**What to produce:**
Please state how many lines in the records below contain the word "import"; the number alone is the answer.
++++++++++++++++++++
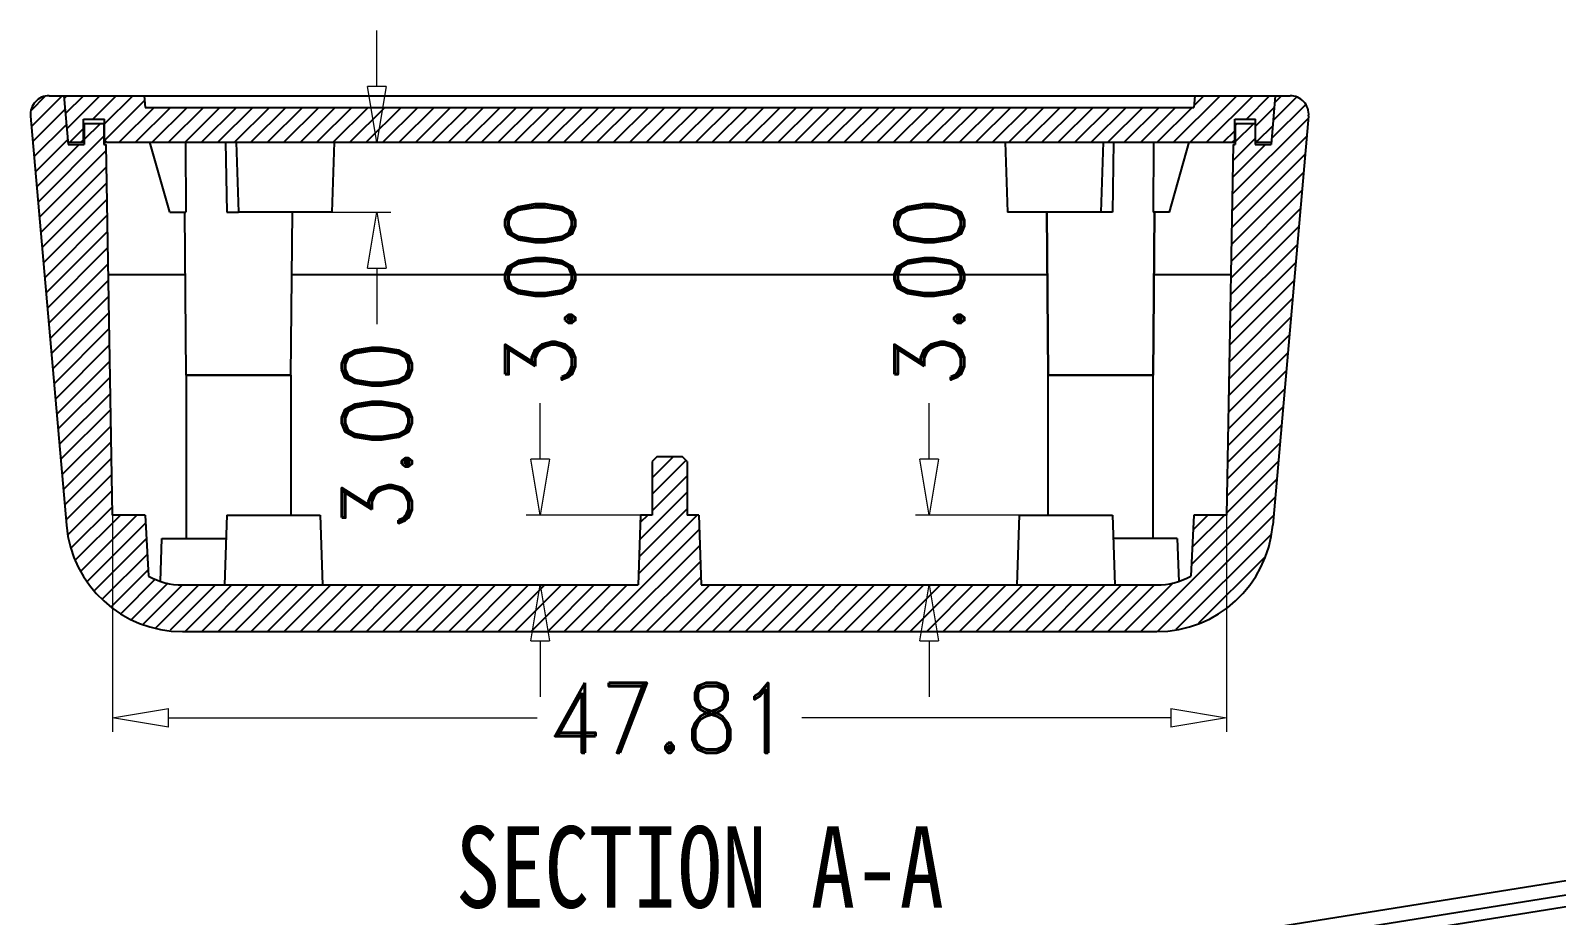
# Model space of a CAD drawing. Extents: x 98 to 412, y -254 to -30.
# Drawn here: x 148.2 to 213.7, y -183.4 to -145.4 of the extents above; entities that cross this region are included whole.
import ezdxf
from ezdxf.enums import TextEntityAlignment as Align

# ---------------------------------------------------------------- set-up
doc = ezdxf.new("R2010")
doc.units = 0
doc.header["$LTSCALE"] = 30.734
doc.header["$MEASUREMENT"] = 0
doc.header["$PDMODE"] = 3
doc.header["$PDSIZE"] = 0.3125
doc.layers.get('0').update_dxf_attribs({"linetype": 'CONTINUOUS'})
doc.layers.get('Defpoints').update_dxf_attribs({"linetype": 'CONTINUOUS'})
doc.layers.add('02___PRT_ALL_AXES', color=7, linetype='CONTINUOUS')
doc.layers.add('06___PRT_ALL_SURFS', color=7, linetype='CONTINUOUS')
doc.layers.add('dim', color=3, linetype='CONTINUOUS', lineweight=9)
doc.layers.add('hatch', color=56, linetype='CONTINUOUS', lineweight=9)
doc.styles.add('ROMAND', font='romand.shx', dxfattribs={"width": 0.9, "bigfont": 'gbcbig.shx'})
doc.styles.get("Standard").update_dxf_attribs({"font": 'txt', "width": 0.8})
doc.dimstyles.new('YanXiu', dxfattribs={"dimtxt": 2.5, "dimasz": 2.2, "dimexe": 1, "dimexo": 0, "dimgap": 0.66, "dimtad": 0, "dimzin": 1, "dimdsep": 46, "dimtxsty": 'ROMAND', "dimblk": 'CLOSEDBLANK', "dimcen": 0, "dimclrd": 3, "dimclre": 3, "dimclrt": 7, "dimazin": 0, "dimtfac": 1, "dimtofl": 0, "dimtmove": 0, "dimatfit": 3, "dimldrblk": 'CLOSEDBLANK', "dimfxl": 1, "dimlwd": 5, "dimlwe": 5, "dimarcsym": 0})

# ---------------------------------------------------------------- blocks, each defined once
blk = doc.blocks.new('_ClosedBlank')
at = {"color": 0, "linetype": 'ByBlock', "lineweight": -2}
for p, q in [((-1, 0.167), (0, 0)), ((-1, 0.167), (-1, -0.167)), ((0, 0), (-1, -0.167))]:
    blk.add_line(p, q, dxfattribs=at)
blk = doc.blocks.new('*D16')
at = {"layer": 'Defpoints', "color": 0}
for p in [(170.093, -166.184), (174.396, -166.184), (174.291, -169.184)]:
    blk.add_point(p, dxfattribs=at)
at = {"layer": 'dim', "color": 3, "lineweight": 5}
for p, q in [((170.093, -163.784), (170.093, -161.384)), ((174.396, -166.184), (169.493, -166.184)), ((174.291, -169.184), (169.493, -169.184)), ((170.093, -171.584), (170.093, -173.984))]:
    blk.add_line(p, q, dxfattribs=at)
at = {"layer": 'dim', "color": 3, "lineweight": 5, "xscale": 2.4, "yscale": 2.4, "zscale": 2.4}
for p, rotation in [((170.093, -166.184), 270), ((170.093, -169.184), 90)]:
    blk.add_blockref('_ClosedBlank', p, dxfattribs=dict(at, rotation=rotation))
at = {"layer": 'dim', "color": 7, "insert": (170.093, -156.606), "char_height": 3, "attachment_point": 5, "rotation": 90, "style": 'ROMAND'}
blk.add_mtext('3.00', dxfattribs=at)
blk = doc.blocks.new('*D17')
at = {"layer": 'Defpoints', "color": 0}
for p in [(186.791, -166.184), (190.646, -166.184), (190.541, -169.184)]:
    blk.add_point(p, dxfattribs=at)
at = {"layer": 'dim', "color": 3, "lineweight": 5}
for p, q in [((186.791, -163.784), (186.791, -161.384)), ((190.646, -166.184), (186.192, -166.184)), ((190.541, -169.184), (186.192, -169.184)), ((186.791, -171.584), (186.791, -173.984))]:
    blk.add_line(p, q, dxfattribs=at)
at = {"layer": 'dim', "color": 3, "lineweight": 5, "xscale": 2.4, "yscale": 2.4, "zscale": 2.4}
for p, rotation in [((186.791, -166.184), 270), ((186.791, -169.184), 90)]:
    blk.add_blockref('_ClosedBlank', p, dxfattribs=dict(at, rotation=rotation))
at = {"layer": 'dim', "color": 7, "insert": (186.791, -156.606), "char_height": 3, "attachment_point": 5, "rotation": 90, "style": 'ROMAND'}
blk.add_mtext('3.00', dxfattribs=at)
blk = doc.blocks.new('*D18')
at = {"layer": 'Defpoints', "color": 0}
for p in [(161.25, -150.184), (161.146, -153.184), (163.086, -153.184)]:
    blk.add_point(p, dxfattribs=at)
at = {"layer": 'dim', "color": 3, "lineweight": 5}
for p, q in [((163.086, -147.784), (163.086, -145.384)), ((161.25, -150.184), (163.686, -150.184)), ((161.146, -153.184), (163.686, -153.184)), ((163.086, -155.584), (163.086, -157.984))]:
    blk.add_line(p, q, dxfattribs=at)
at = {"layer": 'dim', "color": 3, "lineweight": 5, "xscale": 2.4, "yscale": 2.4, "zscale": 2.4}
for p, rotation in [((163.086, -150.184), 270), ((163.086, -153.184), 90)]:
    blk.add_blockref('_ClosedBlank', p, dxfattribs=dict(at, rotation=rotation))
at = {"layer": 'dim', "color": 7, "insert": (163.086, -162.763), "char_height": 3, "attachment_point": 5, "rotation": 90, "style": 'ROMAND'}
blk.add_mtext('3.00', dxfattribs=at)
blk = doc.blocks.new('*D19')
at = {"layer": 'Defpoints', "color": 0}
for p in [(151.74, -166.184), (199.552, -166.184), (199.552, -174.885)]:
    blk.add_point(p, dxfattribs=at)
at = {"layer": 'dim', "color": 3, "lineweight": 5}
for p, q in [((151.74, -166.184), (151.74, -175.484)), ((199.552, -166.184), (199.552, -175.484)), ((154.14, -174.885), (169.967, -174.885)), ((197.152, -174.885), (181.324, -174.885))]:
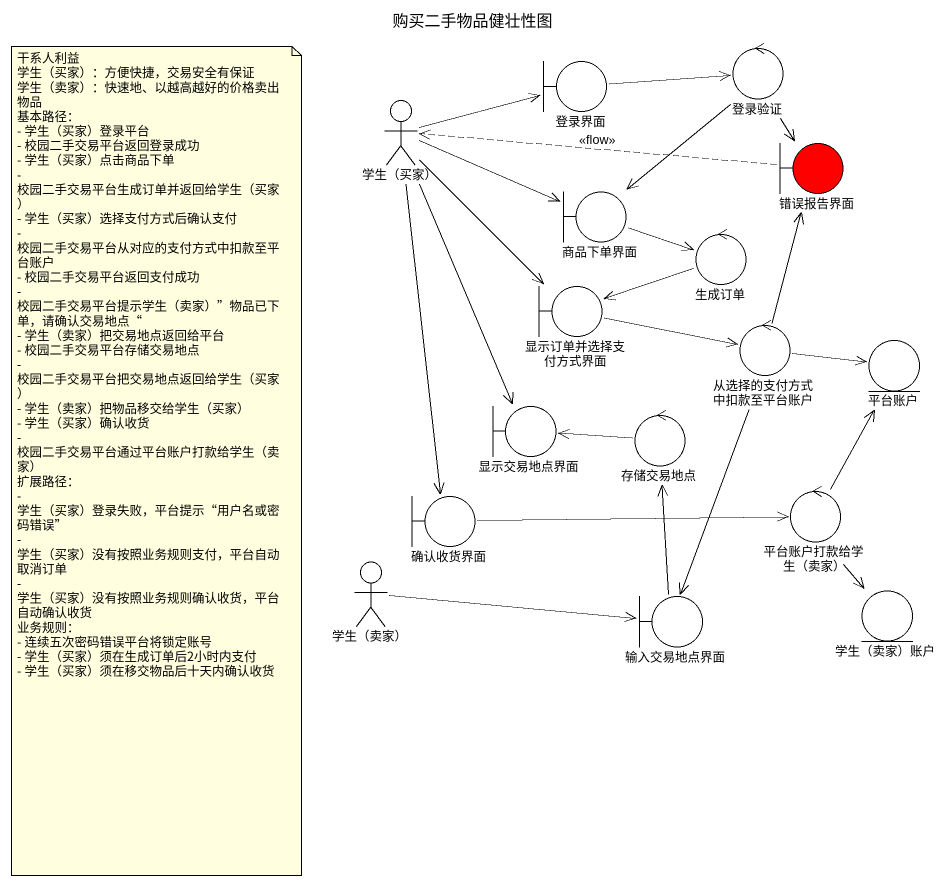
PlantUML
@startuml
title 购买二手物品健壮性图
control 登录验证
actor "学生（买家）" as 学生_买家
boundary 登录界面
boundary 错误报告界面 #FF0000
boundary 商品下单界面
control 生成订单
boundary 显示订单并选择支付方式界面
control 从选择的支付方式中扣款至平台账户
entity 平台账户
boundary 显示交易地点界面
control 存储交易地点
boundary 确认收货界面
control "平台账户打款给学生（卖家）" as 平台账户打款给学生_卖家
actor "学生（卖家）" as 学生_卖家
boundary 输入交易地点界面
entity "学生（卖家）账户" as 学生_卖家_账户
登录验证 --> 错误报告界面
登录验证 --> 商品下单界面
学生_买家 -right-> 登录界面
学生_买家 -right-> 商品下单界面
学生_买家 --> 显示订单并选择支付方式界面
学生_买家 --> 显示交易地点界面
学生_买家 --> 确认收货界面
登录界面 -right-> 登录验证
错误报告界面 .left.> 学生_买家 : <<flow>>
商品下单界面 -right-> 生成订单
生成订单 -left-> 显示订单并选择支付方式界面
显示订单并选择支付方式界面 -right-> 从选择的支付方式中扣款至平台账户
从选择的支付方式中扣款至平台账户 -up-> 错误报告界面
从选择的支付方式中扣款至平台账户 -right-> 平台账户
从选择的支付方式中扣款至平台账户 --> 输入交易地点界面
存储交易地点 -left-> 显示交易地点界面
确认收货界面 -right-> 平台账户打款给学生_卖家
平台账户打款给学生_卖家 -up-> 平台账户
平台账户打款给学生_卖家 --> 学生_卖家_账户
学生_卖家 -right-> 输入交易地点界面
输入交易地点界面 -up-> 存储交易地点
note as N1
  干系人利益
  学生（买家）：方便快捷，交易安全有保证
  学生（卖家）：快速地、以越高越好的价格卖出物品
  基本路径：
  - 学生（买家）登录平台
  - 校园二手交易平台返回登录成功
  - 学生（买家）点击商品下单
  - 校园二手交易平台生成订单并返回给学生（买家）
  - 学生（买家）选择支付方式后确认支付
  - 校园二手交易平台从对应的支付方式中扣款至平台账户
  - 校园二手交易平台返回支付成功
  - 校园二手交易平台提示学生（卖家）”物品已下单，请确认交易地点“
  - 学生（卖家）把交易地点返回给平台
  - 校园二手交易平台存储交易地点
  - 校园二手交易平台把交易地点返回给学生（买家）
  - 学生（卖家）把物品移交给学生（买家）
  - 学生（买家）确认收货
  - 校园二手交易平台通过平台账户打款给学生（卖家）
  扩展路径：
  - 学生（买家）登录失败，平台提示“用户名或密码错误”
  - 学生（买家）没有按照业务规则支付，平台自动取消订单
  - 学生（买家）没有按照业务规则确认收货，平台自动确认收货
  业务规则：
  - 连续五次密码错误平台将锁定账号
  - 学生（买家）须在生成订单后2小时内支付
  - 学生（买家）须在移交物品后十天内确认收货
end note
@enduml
++++++++++++++++++++
**Task result:**
2